She will be honored on Feb. 1 at Santa Barbara’s historic Arlington Theatre as part of the festival’s 29th edition, which runs from Jan. 30 through Feb. 9.
“In her first collaboration with master director Woody Allen, Blanchett knocks it out of the park in the best performance of her already illustrious career,” SBIFF executive director Roger Durling said in a statement. “We’re so grateful to be able to celebrate her achievement.”

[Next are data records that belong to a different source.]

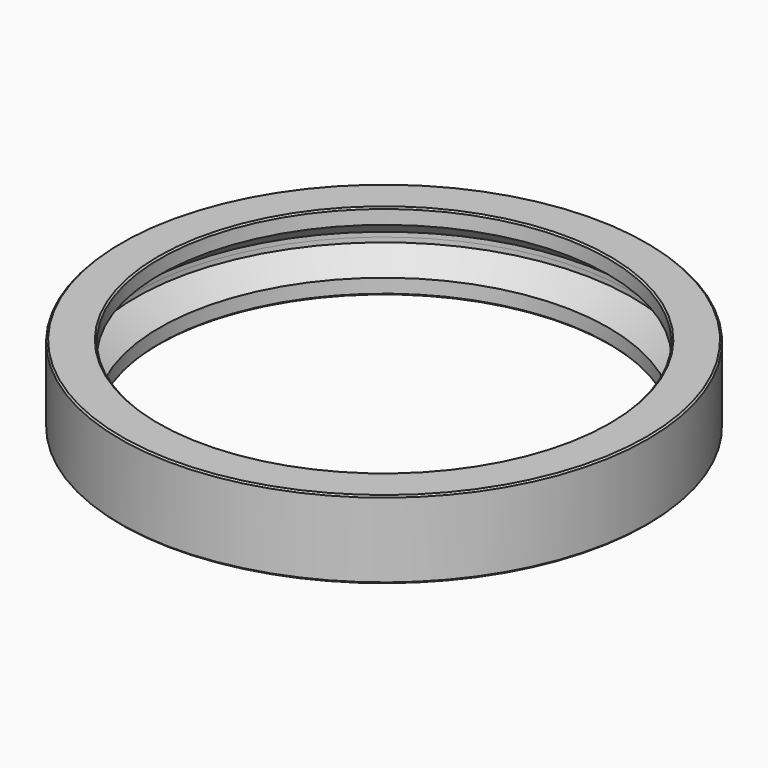
from build123d import *

# Parameters (mm, degrees)
F0_R          = 17
F0_R_2        = 16
F0_R_3        = 14.45
F1_DEPTH      = 2.5
F2_DEPTH      = 1.5
F2_DEPTH_BACK = 1.5
F3_SIZE2      = 1.19999
F3_SIZE       = 1.54999
F4_SIZE       = 0.1
F6_SIZE       = 0.1


# Not quite as in the source:
# - a fillet or chamfer is up to 0.001 mm smaller than in the source, because OpenCascade refuses the exact size


with BuildPart() as f1:
    # F0 (on Top) → F1 (new body, symmetric)
    with BuildSketch(Plane.XY):
        Circle(F0_R)
        Circle(F0_R_2, mode=Mode.SUBTRACT)
        Circle(F0_R_2)
        Circle(F0_R_3, mode=Mode.SUBTRACT)
    extrude(amount=F1_DEPTH, both=True)

    # F0 (on Top) → F2 (cut, two sides)
    with BuildSketch(Plane.XY) as f2_sk:
        Circle(F0_R_2)
        Circle(F0_R_3, mode=Mode.SUBTRACT)
    extrude(amount=F2_DEPTH, mode=Mode.SUBTRACT)
    extrude(f2_sk.sketch, amount=-F2_DEPTH_BACK, mode=Mode.SUBTRACT)

    # F3 (size 1.55 and 1.2 in the source; OpenCascade refuses exactly that, so slightly less here)
    f3_edges = [f1.edges().sort_by_distance(p)[0] for p in [
        (-16, 0, -1.5),
        (-16, 0, 1.5),
    ]]
    chamfer(f3_edges, length=F3_SIZE, length2=F3_SIZE2)

    # F4
    f4_edges = [f1.edges().sort_by_distance(p)[0] for p in [
        (-17, 0, 2.5),
        (-17, 0, -2.5),
    ]]
    chamfer(f4_edges, length=F4_SIZE)

    # F6
    f6_edges = [f1.edges().sort_by_distance(p)[0] for p in [
        (-14.45, 0, 2.5),
        (-14.45, 0, -2.5),
    ]]
    chamfer(f6_edges, length=F6_SIZE)


solid = f1.part

Blanchett, 44, is already a five-time Oscar nominee. She won the best supporting actress Oscar nine years ago for her portrayal of an earlier Oscar winner, Katharine Hepburn, in The Aviator (2004). She also received best actress noms for her performances as England’s Queen Elizabeth I in Elizabeth (1998) and Elizabeth: The Golden Age (2007) and best supporting actress noms for her turns in Notes on a Scandal (2006), opposite Judi Dench, and I’m Not There (2007), in which she convincingly portrayed Bob Dylan.
One of the most admired and respected actors of her generation, Blanchett has also played challenging roles in The Curious Case of Benjamin Button (2008), aging from a very young woman into a very old one, and Coffee and Cigarettes (2003), in which she plays both herself and her fictional disgruntled cousin — in conversation with one another.
In the wake of Blanchett’s performance in Blue Jasmine as a rich wife who loses her husband and her money, which she discussed with THR in July, she has already received a career tribute from the New York Film Festival. And she is currently most pundits’ front-runner to win the best actress Oscar in March, which would make her only the 19th woman to have won more than one acting Oscar.
SBIFF first presented its Outstanding Performer of the Year award in 2004. Its previous recipients have been Charlize Theron, Kate Winslet, Heath Ledger, Helen Mirren, Angelina Jolie, Penelope Cruz, Colin Firth, James Franco, Viola Davis and Jennifer Lawrence — all but one of whom went on to receive an Oscar nomination for the performance for which they were being honored by SBIFF, and five of whom won for it.